Bref, vous l’avez compris, il est important de prévenir certaines actions en production pour éviter les régressions ou les plantages. Et c’est d’autant plus important si vous êtes prestataires et que votre client compte sur vous pour gérer son site et donc son image.
Wp-config.php
WordPress y a bien entendu pensé et vous permet de désactiver purement et simplement ces fonctionnalités d’ajout/suppression de thèmes et plugins et toutes les mises à jour depuis le back-office. Pour ce faire, il suffit de déclarer la constante suivante dans votre fichier wp-config.php
define( 'DISALLOW_FILE_MODS', true );
Vous pourrez donc facilement ajouter cette ligne au fichier wp-config.php sur votre serveur de production, continuer a faire vos mises à jour en local, tester, versionner puis déployer.
Constante conditionnelle
Pour aller plus loin, il peut-être pratique de créer un plugin drop-in (ou mu-plugin) qui va définir « automatiquement » cette constante uniquement sur l’instance de production et donc de ne PAS la définir sur les instances de développement ou de préproduction.

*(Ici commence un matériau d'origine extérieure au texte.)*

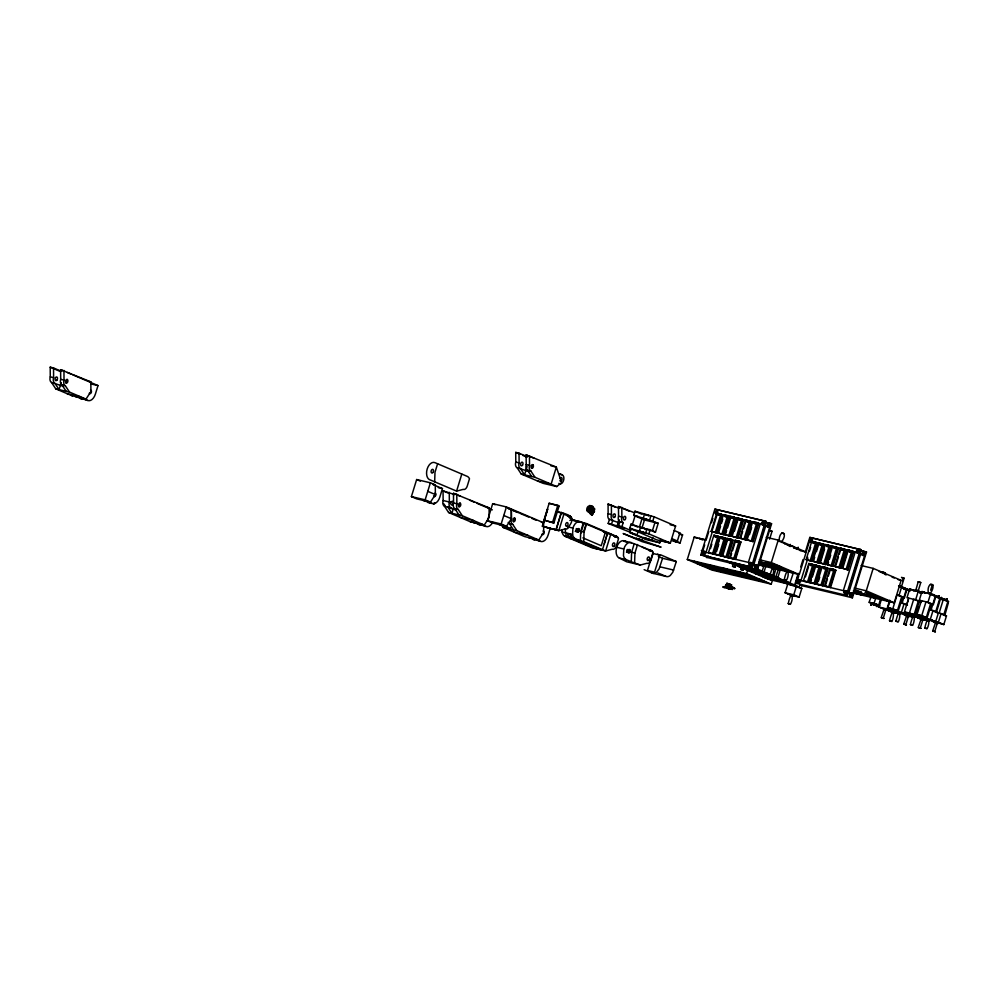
<?xml version="1.0" encoding="UTF-8"?>
<svg xmlns="http://www.w3.org/2000/svg" width="999" height="999" viewBox="0 0 999 999"><rect width="100%" height="100%" fill="white"/><g stroke="black" fill="none" stroke-linecap="round" stroke-linejoin="round"><path stroke-width="1.5" d="M434.665 481.805L434.99 472.302L437.599 463.773L434.902 462.637A8.954 5.507 -76.7 0 0 426.561 473.576L426.835 475.686A8.954 5.507 -76.7 0 0 429.695 479.707L456.593 491.121L463.211 489.373A4.708 2.897 -76.7 0 0 467.27 486.026L469.493 478.758A8.954 5.507 -76.7 0 0 467.42 476.448L437.599 463.773M583.329 522.839L607.529 533.129L602.322 550.187L580.407 540.871L580.719 531.368L583.329 522.839L571.328 519.492M586.65 523.626L616.932 536.575L618.543 538.623L616.333 545.879A4.708 2.897 -76.7 0 1 612.262 549.225L605.644 550.973L583.728 541.658L584.053 532.155L586.65 523.626L573.551 520.017A8.954 5.507 -76.7 0 0 569.892 520.467M640.384 565.022L631.281 561.775L631.605 552.272L634.215 543.743L624.437 540.921A8.954 5.507 -76.7 0 0 616.708 547.29A8.954 5.507 -76.7 0 0 619.218 557.991L626.648 561.763L640.384 565.022L647.002 563.274A4.708 2.897 -76.7 0 0 651.073 559.927L653.296 552.659L652.097 550.973L634.215 543.743M634.615 562.562L634.939 553.059L637.537 544.53M565.322 528.671L565.484 533.066A8.954 5.507 -76.7 0 0 568.331 537.087L595.229 548.501L597.877 547.802M579.208 530.207C579.745 527.41 576.286 528.533 576.823 530.744C577.522 534.577 581.843 528.009 576.373 529.532M630.094 551.111C630.619 548.314 627.172 549.438 627.709 551.635C628.408 555.481 632.729 548.913 627.26 550.437M906.543 614.11C908.178 610.451 904.644 618.468 907.517 613.149L906.493 612.762M592.644 506.356L589.472 506.381L592.644 506.356L594.655 509.078L591.708 513.961L589.972 513.548L587.961 510.826L588.111 508.628L589.947 505.494L589.148 507.367L592.669 512.137L593.756 510.327L589.947 505.494M591.708 513.961L589.697 511.238L591.208 506.793M591.071 510.289L592.519 507.579L592.27 509.59M591.658 509.852L591.97 510.439L592.257 509.053M591.371 509.79L590.834 511.713L592.557 509.665L592.07 509.028M672.002 540.709L680.082 542.994L676.273 541.371L677.384 541.008L679.869 532.929L674.225 530.519M680.082 542.994L682.579 534.815L678.758 533.291L679.869 532.929M726.023 584.952L725.274 587.312M747.627 568.843L744.055 567.707L747.489 568.856L745.841 568.281L747.602 567.719L740.709 564.772M757.504 573.763L766.42 576.61L755.044 572.814L757.467 573.501M760.938 564.81L758.94 564.035M762.237 572.365L759.04 571.266L761.9 572.29M763.511 572.976L765.296 573.151L763.623 572.365M772.489 577.322L781.405 580.157L772.552 577.01M775.399 568.244L771.827 567.132L775.399 568.256M779.108 541.52C778.908 528.558 789.01 531.768 781.693 541.72M781.643 569.08L780.057 568.468M887.087 609.627L883.628 608.616M891.595 611.588L895.179 612.649L892.269 611.9M901.622 586.9L900.748 586.425M901.548 613.049L897.976 611.937L899.5 612.587M908.653 598.214L904.42 612.037L910.638 614.335M915.771 590.322L918.218 581.768L920.741 582.554L918.356 590.521L917.519 590.359L918.306 590.446M911.737 615.222L909.177 614.61M918.106 581.805L920.741 582.554M918.168 591.121L916.62 590.496M916.021 616.458L912.811 615.396M928.333 592.894C926.273 581.455 937.861 581.331 930.681 593.006M930.481 619.917L926.91 618.793L930.481 619.929M590.834 511.713L591.083 510.477M592.519 507.579L592.557 509.665M580.631 521.703A8.954 5.507 -76.7 0 0 572.914 528.071L572.564 534.74A8.954 5.507 -76.7 0 0 575.424 538.773L580.407 540.871M631.518 542.607A8.954 5.507 -76.7 0 0 623.801 548.975L623.451 555.644A8.954 5.507 -76.7 0 0 626.311 559.677L631.281 561.775M896.053 610.963C895.304 609.452 895.029 612.087 896.602 611.051M909.889 589.909C908.978 589.81 909.614 589.622 910.101 589.959M912.312 614.797L912.499 615.596L909.639 614.472M918.218 591.908L918.993 591.633M590.084 508.953L591.171 507.155M941.133 597.402C941.208 601.173 942.544 597.252 940.796 597.764L936.413 612.362L938.398 612.837L935.726 621.54L921.665 617.182L928.021 619.767M456.593 491.121L461.8 474.063M557.23 511.476C564.235 513.873 577.372 514.947 569.517 525.561A4.708 2.897 -76.7 0 1 565.459 528.908L558.841 530.656L542.407 526.261L547.652 509.203L542.407 526.261L558.841 530.656L564.048 513.598L556.493 511.8M604.258 543.843L607.529 533.129L610.851 533.916L605.644 550.973L591.908 547.714L565.009 536.301A8.954 5.507 -76.7 0 1 562.15 532.267L561.888 530.157M903.596 589.248L904.22 587.874L903.458 587.549M940.596 599.163L941.345 597.452M61.189 382.679L59.066 389.61L54.92 383.279A4.708 2.897 -76.7 0 1 53.609 377.647L53.534 367.969L50.2 367.182L50.275 376.86A4.708 2.897 -76.7 0 0 51.586 382.492L55.732 388.823L72.265 395.854M66.159 383.054L67.258 379.47A1.886 1.161 -76.7 0 0 65.497 381.768A1.886 1.161 -76.7 0 0 67.37 382.555A1.886 1.161 -76.7 0 0 67.258 379.47M453.159 509.24L451.91 513.286L447.777 506.955L456.043 509.927L444.443 506.168A4.708 2.897 -76.7 0 1 443.131 500.524L443.057 490.859L454.657 494.617M459.016 506.73L460.114 503.134A1.886 1.161 -76.7 0 0 458.354 505.432A1.886 1.161 -76.7 0 0 460.227 506.231A1.886 1.161 -76.7 0 0 460.114 503.134M527.135 466.446L524.562 474.825L520.417 468.494A4.708 2.897 -76.7 0 1 519.105 462.862L519.03 453.184L515.709 452.397L515.784 462.075A4.708 2.897 -76.7 0 0 517.095 467.707L521.241 474.038L543.031 483.304L556.768 486.563L561.625 482.567L556.343 467.095L526.123 454.87L526.198 464.535A4.708 2.897 -76.7 0 0 527.509 470.179L531.655 476.498M513.536 521.665L514.635 518.069A1.886 1.161 -76.7 0 0 512.887 520.367A1.886 1.161 -76.7 0 0 514.747 521.153A1.886 1.161 -76.7 0 0 514.635 518.069M531.655 468.269L532.767 464.672A1.886 1.161 -76.7 0 0 531.006 466.97A1.886 1.161 -76.7 0 0 532.867 467.769A1.886 1.161 -76.7 0 0 532.767 464.672M764.585 564.747L762.949 564.135L763.573 562.837L763.224 564.722L758.716 562.662M775.261 566.645L775.886 565.347L775.661 566.82M876.947 606.555C875.848 602.172 876.722 608.803 877.709 604.845L876.685 604.445M895.316 611.663C895.291 606.88 895.204 614.635 896.465 610.127L895.441 609.727M912.324 616.183L912.062 614.073L913.086 614.472L912.112 616.133L912.861 614.422L912.062 614.073M924.237 618.518C924.212 613.748 924.125 621.49 925.399 616.982L924.375 616.583M88.824 381.655L98.002 385.589L95.38 394.106A8.954 5.507 -76.7 0 1 87.65 400.449L75.587 396.64M411.401 496.59L416.645 479.545L430.394 482.804L435.289 484.902L435.364 494.58L430.457 502.135L416.72 498.876L411.401 496.59L425.149 499.85L430.457 502.135M425.149 499.85L430.394 482.804M433.279 484.677L442.445 488.598L439.822 497.127A8.954 5.507 -76.7 0 1 432.092 503.471L422.939 500.349M517.17 512.187L507.992 508.254L511.326 509.04L511.401 518.718L506.481 526.273L492.744 523.014L487.437 520.741L492.682 503.683L506.418 506.943L543.618 522.777L543.681 532.455L538.773 540.009L524.65 536.575L503.121 527.422L501.461 524.887M506.481 526.273L501.173 524L506.418 506.943M543.968 520.104L549.15 503.271L557.829 505.332L559.065 506.131L553.896 522.964L543.968 520.104L553.896 522.964M550.337 527.897L548.151 535.002A8.954 5.507 -76.7 0 1 540.422 541.346L528.359 537.537M552.647 522.152L557.829 505.332M580.644 533.666L583.903 523.076L581.718 522.564M583.891 531.006L585.626 525.399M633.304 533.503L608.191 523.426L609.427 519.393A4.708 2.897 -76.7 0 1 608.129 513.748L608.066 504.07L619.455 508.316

Dans l’exemple ci-dessous – qu’il faudra sans doute adapter à votre manière de travailler et à vos besoins – j’exclus les sites avec un domaine en .local (ma dev) et ceux avec un sous-domaine en .preprod, sur les autres (donc en fait uniquement la production) je déclare bien ma constante.
function bweb_disallow_file_modifications(){ $currentSite = get_site_url(); if( ( strpos( $currentSite, '.local' ) !== false ) && ( strpos( $currentSite, 'preprod.' ) !== false ) && !defined( 'DISALLOW_FILE_MODS' ) ){ define( 'DISALLOW_FILE_MODS', true ); } } add_filter( 'init', 'bweb_disallow_file_modifications' );
Le gros avantage de cette méthode pour moi, c’est qu’en procédant de la sorte, mon code est versionné (ce qui n’est pas le cas pour mon wp-config.php), je ne m’en occupe plus et je ne prends pas le risque d’avoir un wp-config non conforme à mes attentes.